Repeat all of the data precisely.

Dataset entries

********************

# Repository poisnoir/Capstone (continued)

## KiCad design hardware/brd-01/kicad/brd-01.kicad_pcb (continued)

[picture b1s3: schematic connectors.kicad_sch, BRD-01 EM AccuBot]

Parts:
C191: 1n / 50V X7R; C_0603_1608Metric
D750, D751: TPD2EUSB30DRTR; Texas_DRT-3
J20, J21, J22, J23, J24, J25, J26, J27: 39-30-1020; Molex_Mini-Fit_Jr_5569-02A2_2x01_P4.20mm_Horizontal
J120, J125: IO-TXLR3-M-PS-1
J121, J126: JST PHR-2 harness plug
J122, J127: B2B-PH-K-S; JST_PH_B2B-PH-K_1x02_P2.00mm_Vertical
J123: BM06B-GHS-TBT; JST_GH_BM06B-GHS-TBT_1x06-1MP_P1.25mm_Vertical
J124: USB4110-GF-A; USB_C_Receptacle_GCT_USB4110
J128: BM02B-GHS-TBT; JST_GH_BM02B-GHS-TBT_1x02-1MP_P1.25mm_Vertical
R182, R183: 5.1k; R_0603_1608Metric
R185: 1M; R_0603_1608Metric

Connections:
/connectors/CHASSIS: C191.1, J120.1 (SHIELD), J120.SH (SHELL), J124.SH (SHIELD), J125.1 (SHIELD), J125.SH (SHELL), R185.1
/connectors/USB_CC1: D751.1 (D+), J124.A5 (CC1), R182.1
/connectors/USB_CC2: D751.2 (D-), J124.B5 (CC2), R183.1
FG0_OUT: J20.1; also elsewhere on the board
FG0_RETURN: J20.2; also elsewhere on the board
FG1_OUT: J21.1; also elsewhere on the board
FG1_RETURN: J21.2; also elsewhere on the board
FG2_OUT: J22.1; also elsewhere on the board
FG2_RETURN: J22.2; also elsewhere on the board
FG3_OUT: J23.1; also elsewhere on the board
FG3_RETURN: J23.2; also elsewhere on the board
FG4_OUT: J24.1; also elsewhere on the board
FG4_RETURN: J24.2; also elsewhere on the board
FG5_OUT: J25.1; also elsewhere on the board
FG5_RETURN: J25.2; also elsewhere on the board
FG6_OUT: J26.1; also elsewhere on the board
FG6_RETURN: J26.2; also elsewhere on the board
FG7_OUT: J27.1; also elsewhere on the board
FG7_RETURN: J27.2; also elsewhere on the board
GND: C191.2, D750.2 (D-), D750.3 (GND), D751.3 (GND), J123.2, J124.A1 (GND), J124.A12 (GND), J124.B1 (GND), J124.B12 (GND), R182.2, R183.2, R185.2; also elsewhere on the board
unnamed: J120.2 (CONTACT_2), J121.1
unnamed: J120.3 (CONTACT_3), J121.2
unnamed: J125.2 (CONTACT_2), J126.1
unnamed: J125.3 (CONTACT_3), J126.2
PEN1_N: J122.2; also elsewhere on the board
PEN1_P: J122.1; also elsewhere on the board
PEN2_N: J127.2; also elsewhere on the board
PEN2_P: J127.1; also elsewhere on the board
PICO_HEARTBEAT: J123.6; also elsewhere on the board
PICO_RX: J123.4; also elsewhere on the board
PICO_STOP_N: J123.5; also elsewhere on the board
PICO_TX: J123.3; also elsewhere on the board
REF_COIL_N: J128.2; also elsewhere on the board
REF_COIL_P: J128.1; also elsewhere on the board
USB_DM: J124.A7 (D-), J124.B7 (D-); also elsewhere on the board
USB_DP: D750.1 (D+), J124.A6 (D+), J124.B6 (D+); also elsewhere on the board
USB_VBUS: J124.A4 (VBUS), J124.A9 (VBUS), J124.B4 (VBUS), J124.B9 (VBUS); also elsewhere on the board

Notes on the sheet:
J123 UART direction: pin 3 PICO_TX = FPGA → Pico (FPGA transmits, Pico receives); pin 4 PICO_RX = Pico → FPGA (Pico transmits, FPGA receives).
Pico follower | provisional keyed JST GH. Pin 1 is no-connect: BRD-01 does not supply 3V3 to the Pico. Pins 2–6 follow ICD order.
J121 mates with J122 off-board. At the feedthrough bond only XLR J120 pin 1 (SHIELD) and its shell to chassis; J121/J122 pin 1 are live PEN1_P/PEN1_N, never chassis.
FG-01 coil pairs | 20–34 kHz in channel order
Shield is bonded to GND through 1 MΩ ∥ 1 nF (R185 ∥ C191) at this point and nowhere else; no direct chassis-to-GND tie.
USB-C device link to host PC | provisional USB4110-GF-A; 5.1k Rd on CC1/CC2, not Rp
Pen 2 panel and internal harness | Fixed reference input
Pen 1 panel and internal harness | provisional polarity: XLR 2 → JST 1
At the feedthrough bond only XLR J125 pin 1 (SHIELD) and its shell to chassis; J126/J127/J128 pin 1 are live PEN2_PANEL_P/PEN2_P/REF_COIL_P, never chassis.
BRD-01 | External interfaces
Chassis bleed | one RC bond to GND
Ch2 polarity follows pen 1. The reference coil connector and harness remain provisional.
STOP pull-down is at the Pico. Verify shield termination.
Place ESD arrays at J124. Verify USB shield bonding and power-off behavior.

********************

Solution to the problem.
# Repository poisnoir/Capstone (continued)

## KiCad design hardware/brd-01/kicad/brd-01.kicad_pcb (continued)

[picture b1s3: schematic connectors.kicad_sch, BRD-01 EM AccuBot]

Parts:
C191: 1n / 50V X7R; C_0603_1608Metric
D750, D751: TPD2EUSB30DRTR; Texas_DRT-3
J20, J21, J22, J23, J24, J25, J26, J27: 39-30-1020; Molex_Mini-Fit_Jr_5569-02A2_2x01_P4.20mm_Horizontal
J120, J125: IO-TXLR3-M-PS-1
J121, J126: JST PHR-2 harness plug
J122, J127: B2B-PH-K-S; JST_PH_B2B-PH-K_1x02_P2.00mm_Vertical
J123: BM06B-GHS-TBT; JST_GH_BM06B-GHS-TBT_1x06-1MP_P1.25mm_Vertical
J124: USB4110-GF-A; USB_C_Receptacle_GCT_USB4110
J128: BM02B-GHS-TBT; JST_GH_BM02B-GHS-TBT_1x02-1MP_P1.25mm_Vertical
R182, R183: 5.1k; R_0603_1608Metric
R185: 1M; R_0603_1608Metric

Connections:
/connectors/CHASSIS: C191.1, J120.1 (SHIELD), J120.SH (SHELL), J124.SH (SHIELD), J125.1 (SHIELD), J125.SH (SHELL), R185.1
/connectors/USB_CC1: D751.1 (D+), J124.A5 (CC1), R182.1
/connectors/USB_CC2: D751.2 (D-), J124.B5 (CC2), R183.1
FG0_OUT: J20.1; also elsewhere on the board
FG0_RETURN: J20.2; also elsewhere on the board
FG1_OUT: J21.1; also elsewhere on the board
FG1_RETURN: J21.2; also elsewhere on the board
FG2_OUT: J22.1; also elsewhere on the board
FG2_RETURN: J22.2; also elsewhere on the board
FG3_OUT: J23.1; also elsewhere on the board
FG3_RETURN: J23.2; also elsewhere on the board
FG4_OUT: J24.1; also elsewhere on the board
FG4_RETURN: J24.2; also elsewhere on the board
FG5_OUT: J25.1; also elsewhere on the board
FG5_RETURN: J25.2; also elsewhere on the board
FG6_OUT: J26.1; also elsewhere on the board
FG6_RETURN: J26.2; also elsewhere on the board
FG7_OUT: J27.1; also elsewhere on the board
FG7_RETURN: J27.2; also elsewhere on the board
GND: C191.2, D750.2 (D-), D750.3 (GND), D751.3 (GND), J123.2, J124.A1 (GND), J124.A12 (GND), J124.B1 (GND), J124.B12 (GND), R182.2, R183.2, R185.2; also elsewhere on the board
unnamed: J120.2 (CONTACT_2), J121.1
unnamed: J120.3 (CONTACT_3), J121.2
unnamed: J125.2 (CONTACT_2), J126.1
unnamed: J125.3 (CONTACT_3), J126.2
PEN1_N: J122.2; also elsewhere on the board
PEN1_P: J122.1; also elsewhere on the board
PEN2_N: J127.2; also elsewhere on the board
PEN2_P: J127.1; also elsewhere on the board
PICO_HEARTBEAT: J123.6; also elsewhere on the board
PICO_RX: J123.4; also elsewhere on the board
PICO_STOP_N: J123.5; also elsewhere on the board
PICO_TX: J123.3; also elsewhere on the board
REF_COIL_N: J128.2; also elsewhere on the board
REF_COIL_P: J128.1; also elsewhere on the board
USB_DM: J124.A7 (D-), J124.B7 (D-); also elsewhere on the board
USB_DP: D750.1 (D+), J124.A6 (D+), J124.B6 (D+); also elsewhere on the board
USB_VBUS: J124.A4 (VBUS), J124.A9 (VBUS), J124.B4 (VBUS), J124.B9 (VBUS); also elsewhere on the board

Notes on the sheet:
J123 UART direction: pin 3 PICO_TX = FPGA → Pico (FPGA transmits, Pico receives); pin 4 PICO_RX = Pico → FPGA (Pico transmits, FPGA receives).
Pico follower | provisional keyed JST GH. Pin 1 is no-connect: BRD-01 does not supply 3V3 to the Pico. Pins 2–6 follow ICD order.
J121 mates with J122 off-board. At the feedthrough bond only XLR J120 pin 1 (SHIELD) and its shell to chassis; J121/J122 pin 1 are live PEN1_P/PEN1_N, never chassis.
FG-01 coil pairs | 20–34 kHz in channel order
Shield is bonded to GND through 1 MΩ ∥ 1 nF (R185 ∥ C191) at this point and nowhere else; no direct chassis-to-GND tie.
USB-C device link to host PC | provisional USB4110-GF-A; 5.1k Rd on CC1/CC2, not Rp
Pen 2 panel and internal harness | Fixed reference input
Pen 1 panel and internal harness | provisional polarity: XLR 2 → JST 1
At the feedthrough bond only XLR J125 pin 1 (SHIELD) and its shell to chassis; J126/J127/J128 pin 1 are live PEN2_PANEL_P/PEN2_P/REF_COIL_P, never chassis.
BRD-01 | External interfaces
Chassis bleed | one RC bond to GND
Ch2 polarity follows pen 1. The reference coil connector and harness remain provisional.
STOP pull-down is at the Pico. Verify shield termination.
Place ESD arrays at J124. Verify USB shield bonding and power-off behavior.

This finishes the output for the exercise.